💥 BREAKING NEWS: Rachel Sennott admits she had a full panic attack at Zootopia 2 after forgetting it was a kids’ movie ⚡.CT

Rachel Sennott walked onto Jimmy Kimmel Live with the kind of energy that makes you wonder if she’s hilarious, fearless, or actively spiraling—in the best way.
Kimmel introduced her as “very funny and maybe crazy,” and within minutes, she proved he wasn’t just doing host banter. She was ready to expose herself on national TV, one disaster at a time.
The official reason for her visit: her new show “I Love LA”, which she created, writes, and produces—built around the weirdness of the city and the strange people who make it feel alive. Kimmel said he binged multiple episodes and praised the cast, calling it genuinely funny.

Sennott accepted the compliment… but immediately started carefully dodging the most dangerous question Hollywood can ask: “Is it based on your real life?”
Her answer was a masterclass in self-protection with a wink: it’s “loose,” a mix of truth and lies. If you see something awful and think, “I’d hate her if she was like that,” she wants you to know that’s not her.
But if you love it—yes, that part is her. It’s the kind of slippery honesty that makes the show feel even more tempting: viewers now want to watch just to play detective.
Then Kimmel hit the title question: does she actually love LA, or is it just a branding joke?

Sennott didn’t hesitate. She said she genuinely loves it—and she’s been here five years. But she also admitted nobody loves a new place immediately. It’s scary. It’s disorienting. And in her case, it was basically a slapstick nightmare from day one.
Her first days in Los Angeles played out like a cautionary tale you’d hear from a friend who’s laughing because the alternative is crying. She moved to North Hollywood, got a rental car, and confidently declined insurance—because, in her words, “insurance is fake.”
The detail that makes it sting? Her dad works in insurance. The universe heard her arrogance and responded instantly: she drove that shiny rented SUV straight into a pole… almost immediately.

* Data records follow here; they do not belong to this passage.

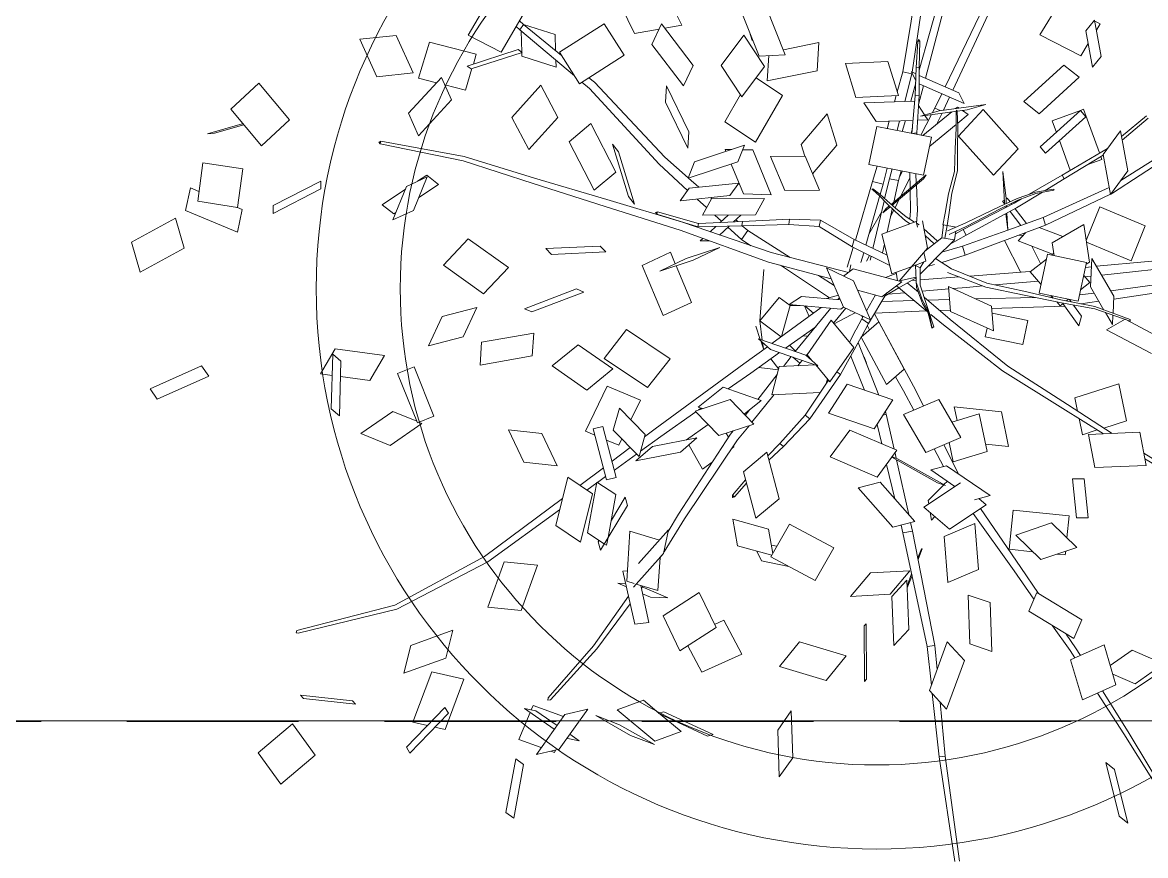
# Model space of a CAD drawing. Header units: centimetres. Extents: x 5488 to 20269, y -31398 to -19684.
# Drawn here: x 16570.31 to 16611.85, y -24026.09 to -23995.26 of the extents above; entities that cross this region are included whole.
import ezdxf

# ---------------------------------------------------------------- set-up
doc = ezdxf.new("R2010")
doc.units = ezdxf.units.CM
doc.linetypes.add('HIDDEN', pattern=[9.525, 6.35, -3.175])
for name, color, linetype, lineweight in [('xxx_Auto_FURNISHED-01', 252, 'Continuous', 0), ('xxx_Auto_Merdiven_Merdiven', 163, 'Continuous', 15), ('xxx_Auto_Tefris_Silik', 252, 'Continuous', 13), ('xxx_Auto_Tefris_Tefris', 32, 'Continuous', 15)]:
    doc.layers.add(name, color=color, linetype=linetype, lineweight=lineweight)
doc.layers.add('xxx_Auto_LANDSCAPE', color=7, linetype='Continuous', lineweight=0, true_color=0x496639)

# ---------------------------------------------------------------- blocks, each defined once
blk = doc.blocks.new('agac0001')
at = {"layer": 'xxx_Auto_LANDSCAPE', "linetype": 'Continuous'}
for points in [[(-2.02, 29.65), (-1.14, 20.25)], [(-2.62, 28.39), (-2.01, 20.57)], [(7.44, 28.47), (5.13, 22.92)], [(7.9, 28.37), (6.14, 23.88)], [(11.26, 27.35), (9.71, 24.67)], [(11.49, 27.24), (10.05, 24.67)], [(-9.25, 25.56), (-6.39, 21.98)], [(-4.51, 25.16), (-4.36, 21.25)], [(-3.78, 25.16), (-3.57, 21.12)], [(1.66, 25.29), (-1.23, 23.46)], [(4.12, 21.54), (1.66, 25.29)], [(6.88, 24.67), (5.05, 22.72)], [(10.58, 24.67), (6.88, 24.67)], [(8.75, 22.72), (10.58, 24.67)], [(20, 24.2), (20.5, 24.65)], [(20.5, 24.65), (20.84, 24.21)], [(-21.57, 24.11), (-19.17, 21.36)], [(-21.4, 24.39), (-18.66, 21.36)], [(-6.98, 20.1), (-9.87, 23.71)], [(17.55, 24.18), (16.75, 23.23)], [(20.91, 24.21), (17.55, 24.18)], [(20.11, 23.26), (20.91, 24.21)], [(-1.23, 23.46), (1.2, 19.77)], [(5.08, 22.72), (3.4, 16.39)], [(5.69, 22.72), (4.13, 16.29)], [(5.05, 22.72), (8.75, 22.72)], [(5.13, 22.92), (5.08, 22.76)], [(5.22, 22.9), (5.13, 22.92)], [(8.7, 22.72), (7.22, 18.83)], [(9.23, 23.22), (7.6, 18.7)], [(8.11, 21.17), (8.33, 22.53)], [(8.33, 22.53), (8.61, 22.49)], [(9.23, 23.22), (9.22, 23.22)], [(9.27, 23.27), (9.23, 23.22)], [(16.75, 23.23), (20.11, 23.26)], [(17.97, 22.38), (18.94, 23.25)], [(-6.36, 21.93), (-6.98, 20.1)], [(-6.46, 22.36), (-6.6, 22.35), (-4.93, 19.39), (-3.82, 16.5)], [(-6.46, 22.36), (-4.72, 19.42)], [(1.34, 19.77), (4.12, 21.54)], [(8.95, 22.43), (13.13, 21.73)], [(9.84, 17.6), (12.43, 21.8)], [(12.43, 21.8), (13.08, 21.43)], [(13.13, 21.73), (13.08, 21.43)], [(16.06, 21.88), (13.48, 17.68)], [(17.4, 20.71), (16.06, 21.88)], [(20.52, 19.07), (17.97, 22.38)], [(-19.79, 21.36), (-16.72, 21.34)], [(-19.13, 16.74), (-19.79, 21.36)], [(-16.72, 21.34), (-16.06, 16.72)], [(-6.63, 20.71), (-5.79, 20.91)], [(-5.43, 20.28), (-6.63, 20.71)], [(-5.62, 20.95), (-4.11, 21.31)], [(-4.11, 21.31), (-0.35, 19.97)], [(13.08, 21.43), (10.49, 17.23)], [(13.08, 21.43), (12.63, 18.73)], [(14.82, 16.51), (17.4, 20.71)], [(23.05, 21.35), (20.52, 19.07)], [(-39.16, 16.72), (-37.84, 19.59)], [(-37.84, 19.59), (-36.08, 17)], [(-15.73, 18.19), (-15.47, 20.36)], [(-15.47, 20.36), (-12.03, 20.29)], [(-12.03, 20.29), (-12.54, 16.1)], [(-2.86, 19.37), (-5.18, 20.19)], [(-4.3, 19.88), (-4.23, 18.22)], [(-0.62, 19.43), (-3.95, 18.03)], [(-3.49, 19.59), (-3.42, 18.25)], [(-0.35, 19.97), (-2.86, 19.37)], [(-1.94, 19.59), (-1.89, 19.03)], [(-1.1, 19.79), (-1.05, 19.26)], [(-0.66, 19.71), (-0.78, 19.37)], [(2.8, 19.82), (-0.66, 19.71)], [(0.76, 16.07), (-0.62, 19.43)], [(1.71, 16.69), (2.8, 19.82)], [(10.73, 19.05), (7.9, 19.52)], [(-16.37, 18.86), (-13.03, 15.34)], [(-4.72, 19.42), (-3.53, 16.51)], [(-2.98, 18.44), (-2.49, 19.39)], [(-2.49, 19.39), (-1.76, 18.95)], [(7.6, 18.7), (6.43, 15.44)], [(7.22, 18.83), (6.5, 16.93)], [(7.6, 18.7), (7.22, 18.83)], [(12.63, 18.73), (11.52, 18.91)], [(-50.4, 17.61), (-43.44, 14.86)], [(-50.34, 17.89), (-43.33, 15.28)], [(-16.26, 18.08), (-13.3, 14.86)], [(-15.97, 16.17), (-15.8, 17.58)], [(-6.16, 17.69), (-5.35, 18.09)], [(-3.91, 16.63), (-6.16, 17.69)], [(-5.35, 18.09), (-4.22, 17.55)], [(-3.95, 18.03), (-2.57, 14.67)], [(-3.9, 17.4), (-3.65, 17.28)], [(2.08, 17.73), (3.29, 15.78)], [(6.4, 17.71), (6.45, 17.77)], [(6.48, 17.7), (6.4, 17.71)], [(6.4, 17.71), (6.4, 16.05)], [(6.45, 17.77), (6.48, 17.7)], [(6.45, 17.77), (6.45, 17.71)], [(6.48, 17.7), (6.52, 16.03)], [(10.49, 17.23), (9.84, 17.6)], [(13.48, 17.68), (14.82, 16.51)], [(-37.91, 14.88), (-39.16, 16.72)], [(-36.08, 17), (-37.1, 14.79)], [(-16.06, 16.72), (-19.13, 16.74)], [(-4.16, 16.75), (-3.16, 10.16)], [(-4.06, 16.34), (-3.89, 16.68)], [(-3.82, 16.5), (-2.52, 13.31)], [(-3.73, 16.99), (-3.61, 17.21)], [(-3.53, 16.51), (-2.15, 13.33)], [(0.52, 16.65), (1.71, 16.69)], [(0.74, 16.66), (0.62, 16.41)], [(2.45, 13.66), (0.67, 16.52)], [(3.4, 16.39), (2.05, 8.7)], [(4.13, 16.29), (3.4, 16.39)], [(6.4, 16.66), (5.42, 14.09)], [(-19.95, 15.59), (-23.5, 15.3)], [(-19.76, 14.54), (-19.95, 15.59)], [(-14.48, 16.14), (-15.97, 16.17)], [(-12.54, 16.1), (-13.77, 16.13)], [(-13.03, 15.34), (-8.6, 10.66)], [(-3.65, 16.1), (-4.06, 16.34)], [(-3, 15.7), (-3.25, 15.85)], [(-3.16, 15.8), (-3.12, 15.57)], [(-2.57, 14.67), (0.76, 16.07)], [(0.35, 15.9), (-0.51, 14.22)], [(4.13, 16.29), (3.59, 12.93)], [(6.4, 16.05), (6.09, 14.31)], [(6.52, 16.03), (6.25, 14.28)], [(-43.44, 14.86), (-39.34, 13.19)], [(-43.33, 15.28), (-39.23, 13.67)], [(-38.92, 14.98), (-39.69, 11.72)], [(-35.15, 14.59), (-38.92, 14.98)], [(-35.92, 11.33), (-35.15, 14.59)], [(-23.5, 15.3), (-23.31, 14.25)], [(-23.31, 14.25), (-19.76, 14.54)], [(-13.3, 14.86), (-8.92, 10.08)], [(-0.51, 14.22), (-1.8, 14.99)], [(-1.48, 14.8), (-1.1, 10.87)], [(1.74, 14.8), (0.04, 15.29)], [(3.06, 14.46), (2.45, 13.66)], [(3.88, 14.7), (5.38, 13.95)], [(6.15, 14.67), (5.89, 13.95)], [(8.73, 12.58), (10.7, 15.22)], [(10.7, 15.22), (14.79, 12.73)], [(23.61, 15.08), (17.03, 10.36)], [(23.99, 14.52), (17.47, 9.72)], [(-51.5, 13.71), (-50.72, 13.05)], [(-46.48, 13.44), (-51.5, 13.71)], [(-45.71, 12.78), (-46.48, 13.44)], [(-26.45, 10.37), (-25.96, 13.77)], [(-25.96, 13.77), (-23.35, 11.94)], [(-24.94, 13.06), (-23, 13.63)], [(-23, 13.63), (-21.55, 8.72)], [(-2.91, 14.27), (-2.03, 8.9)], [(-2.52, 13.31), (-1.15, 9.99), (0.8, 6.81)], [(-2.15, 13.33), (-0.8, 10.16), (1.08, 7.24)], [(-0.5, 14.24), (-0.5, 14.21)], [(-0.5, 14.21), (0.1, 8.77)], [(-0.41, 13.37), (2.71, 12.46)], [(2.95, 13.83), (2.84, 14.17)], [(5.22, 13.46), (3.79, 14.17)], [(5.42, 14.09), (3.82, 9.11)], [(5.89, 13.95), (4.38, 8.95)], [(6.09, 14.31), (5.62, 12.59)], [(6.25, 14.28), (5.82, 12.55)], [(5.82, 13.73), (5.91, 13.68)], [(5.99, 13.24), (6.43, 13.3)], [(6.09, 13.6), (6.45, 13.41)], [(8.9, 13.46), (6.09, 13.09)], [(6.45, 13.41), (6.4, 13.29)], [(6.43, 13.3), (8.9, 13.46)], [(-50.72, 13.05), (-45.71, 12.78)], [(-35.7, 12.29), (-34.93, 11.99)], [(-34.07, 11.97), (-32.53, 13.02)], [(-32.53, 13.02), (-29.32, 9.46)], [(-26.44, 12.62), (-26.11, 12.72)], [(-26.23, 11.89), (-26.44, 12.62)], [(-4.84, 13.21), (-6.91, 12.35)], [(-6.91, 12.35), (-5.59, 9.12)], [(-3.59, 10.12), (-4.84, 13.21)], [(3.59, 12.93), (2.9, 8.59)], [(3.61, 12.93), (5.11, 13.13)], [(5.08, 13.03), (3.61, 12.93)], [(5.62, 12.59), (5.13, 11.03)], [(5.82, 12.55), (5.39, 10.98)], [(5.75, 13.07), (5.62, 13.06)], [(5.66, 13.2), (5.79, 13.21)], [(5.72, 13.2), (5.67, 13.23)], [(6.25, 12.94), (5.96, 13.09)], [(6.09, 13.09), (5.96, 13.09)], [(6.33, 13.13), (6.25, 12.94)], [(12.82, 10.08), (8.73, 12.58)], [(14.79, 12.73), (12.82, 10.08)], [(15.19, 13.06), (15.04, 11.3)], [(15.42, 8.79), (15.19, 13.06)], [(-39.69, 11.72), (-35.92, 11.33)], [(-35.82, 11.75), (-35.08, 11.45)], [(-35.08, 11.45), (-32.56, 10.3)], [(-34.93, 11.99), (-33.54, 11.38)], [(-30.86, 8.41), (-34.07, 11.97)], [(-23.35, 11.94), (-23.84, 8.54)], [(3.49, 12.23), (3.48, 12.24)], [(3.48, 12.23), (3.49, 12.23)], [(14.59, 11.32), (14, 10.24)], [(15.06, 10.87), (14.59, 11.32)], [(15.04, 11.3), (15.26, 7.03)], [(26.1, 11.68), (18.57, 8.12)], [(-23.84, 8.54), (-26.45, 10.37)], [(-8.6, 10.66), (-3.44, 6.26)], [(5.13, 11.03), (4.62, 9.33)], [(5.39, 10.98), (4.93, 9.28)], [(15.08, 10.4), (13.57, 10.18)], [(15.08, 10.29), (13.57, 10.02)], [(15.08, 10.29), (15.08, 10.4)], [(15.08, 10.39), (15.17, 10.34)], [(15.09, 10.33), (15.08, 10.33)], [(15.09, 10.3), (15.08, 10.29)], [(15.17, 10.34), (15.09, 10.33)], [(15.17, 10.34), (15.09, 10.3)], [(15.44, 10.5), (15.32, 10.62)], [(15.34, 10.3), (15.44, 10.5)], [(16.7, 10.85), (15.64, 11.14)], [(15.64, 11.14), (18.16, 7.45)], [(18.92, 7.6), (16.7, 10.85)], [(25.64, 10.77), (19.38, 7.69)], [(-29.32, 9.46), (-30.86, 8.41)], [(-29.44, 9.59), (-26.82, 8.44)], [(-25, 7.71), (-25.61, 9.77)], [(-15.78, 9.37), (-12.56, 9.32)], [(-15.18, 7.34), (-15.78, 9.37)], [(-12.56, 9.32), (-11.34, 5.17)], [(-8.92, 10.08), (-3.81, 5.58)], [(-5.59, 9.12), (-4.84, 9.43)], [(-5.2, 9.95), (-2.94, 10.19)], [(-2.74, 6.43), (-5.2, 9.95)], [(-2.94, 10.19), (-0.47, 6.67)], [(-0.99, 9.73), (-0.85, 8.3)], [(4.62, 9.33), (4.18, 7.6)], [(4.93, 9.28), (4.52, 7.53)], [(9.72, 9.42), (7.82, 8.53)], [(11.75, 9.8), (9.72, 9.42)], [(11.75, 9.59), (9.73, 9.15)], [(13.57, 10.18), (11.75, 9.8)], [(13.57, 10.02), (11.75, 9.59)], [(13.91, 10.08), (12.4, 7.35)], [(13.47, 6.91), (15.11, 9.89)], [(16.46, 9.94), (15.39, 9.18)], [(16.9, 9.3), (15.73, 8.44)], [(26.03, 9.33), (19.32, 7.02)], [(-29.88, 9.07), (-27.02, 7.77)], [(-26.82, 8.44), (-20.86, 5.82)], [(-21.55, 8.72), (-25, 7.71)], [(-0.85, 8.3), (-0.73, 7.04)], [(2.05, 8.7), (1.81, 6.47)], [(2.9, 8.59), (2.05, 8.7)], [(2.9, 8.59), (2.72, 6.67)], [(3.82, 9.11), (3.26, 7.48)], [(3.62, 8.01), (4.35, 8.25)], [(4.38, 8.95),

When she returned to the rental place asking to add insurance retroactively, they hit her with the most soul-crushing customer service phrase imaginable: “It’s for before.” And that was the vibe of her early LA era—every mistake followed by a lesson you can’t unlearn.
But the story didn’t stay cute for long. Kimmel brought up actor Josh Hutcherson, who plays her boyfriend on the show. Sennott admitted something that creators rarely say out loud: she may have written a boyfriend character so charismatic that audiences are now siding with him—and turning on her.
In other words, she accidentally created the kind of fictional ex who wins the breakup in the comment section.

Sennott described the nightmare scenario: everyone’s defending “Dylan” (the boyfriend), and she’s stuck watching viewers root against “Maya” (her character), like she wrote herself into her own cancellation. She joked that she should’ve made him meaner—because when a character is charming enough, the audience starts treating the woman as the villain for not keeping him.
Then came the twist: she teased that Season 2 is going to fix that. Her solution? Make him toxic. Make him unpleasant. Give the internet fewer reasons to worship him. It was half joke, half warning shot: if you thought you were watching a cute relationship story, she’s about to turn it into something messier.

And just when the interview seemed done being chaotic, Sennott swerved into a completely different lane: Zootopia 2.
Yes, she’s involved—but not how you’d expect. She revealed she does background vocals on a song in the movie, thanks to her current boyfriend being a music producer.
She described herself as the kind of girlfriend who shows up for anything—whether it’s dancing to a pop star track or getting hyped for a children’s movie anthem. She was so excited about the song that she basically predicted kids would be “Capri Sun deep” losing their minds to it at birthday parties.
Then she confessed the moment that turned the whole story into a meme: she went to see the movie… really high… and forgot it was a children’s movie.

So there she was at a mall theater surrounded by swarms of kids waving flashing toy lights and singing along—while she spiraled into a full panic attack. At Zootopia 2. A children’s movie. With light-up wands. And one overwhelmed adult realizing she had made a terrible miscalculation.
By the end, Kimmel congratulated her, and Sennott walked off having done what she does best: promoting a show by making the audience feel like they just survived a funny, slightly unhinged confession booth.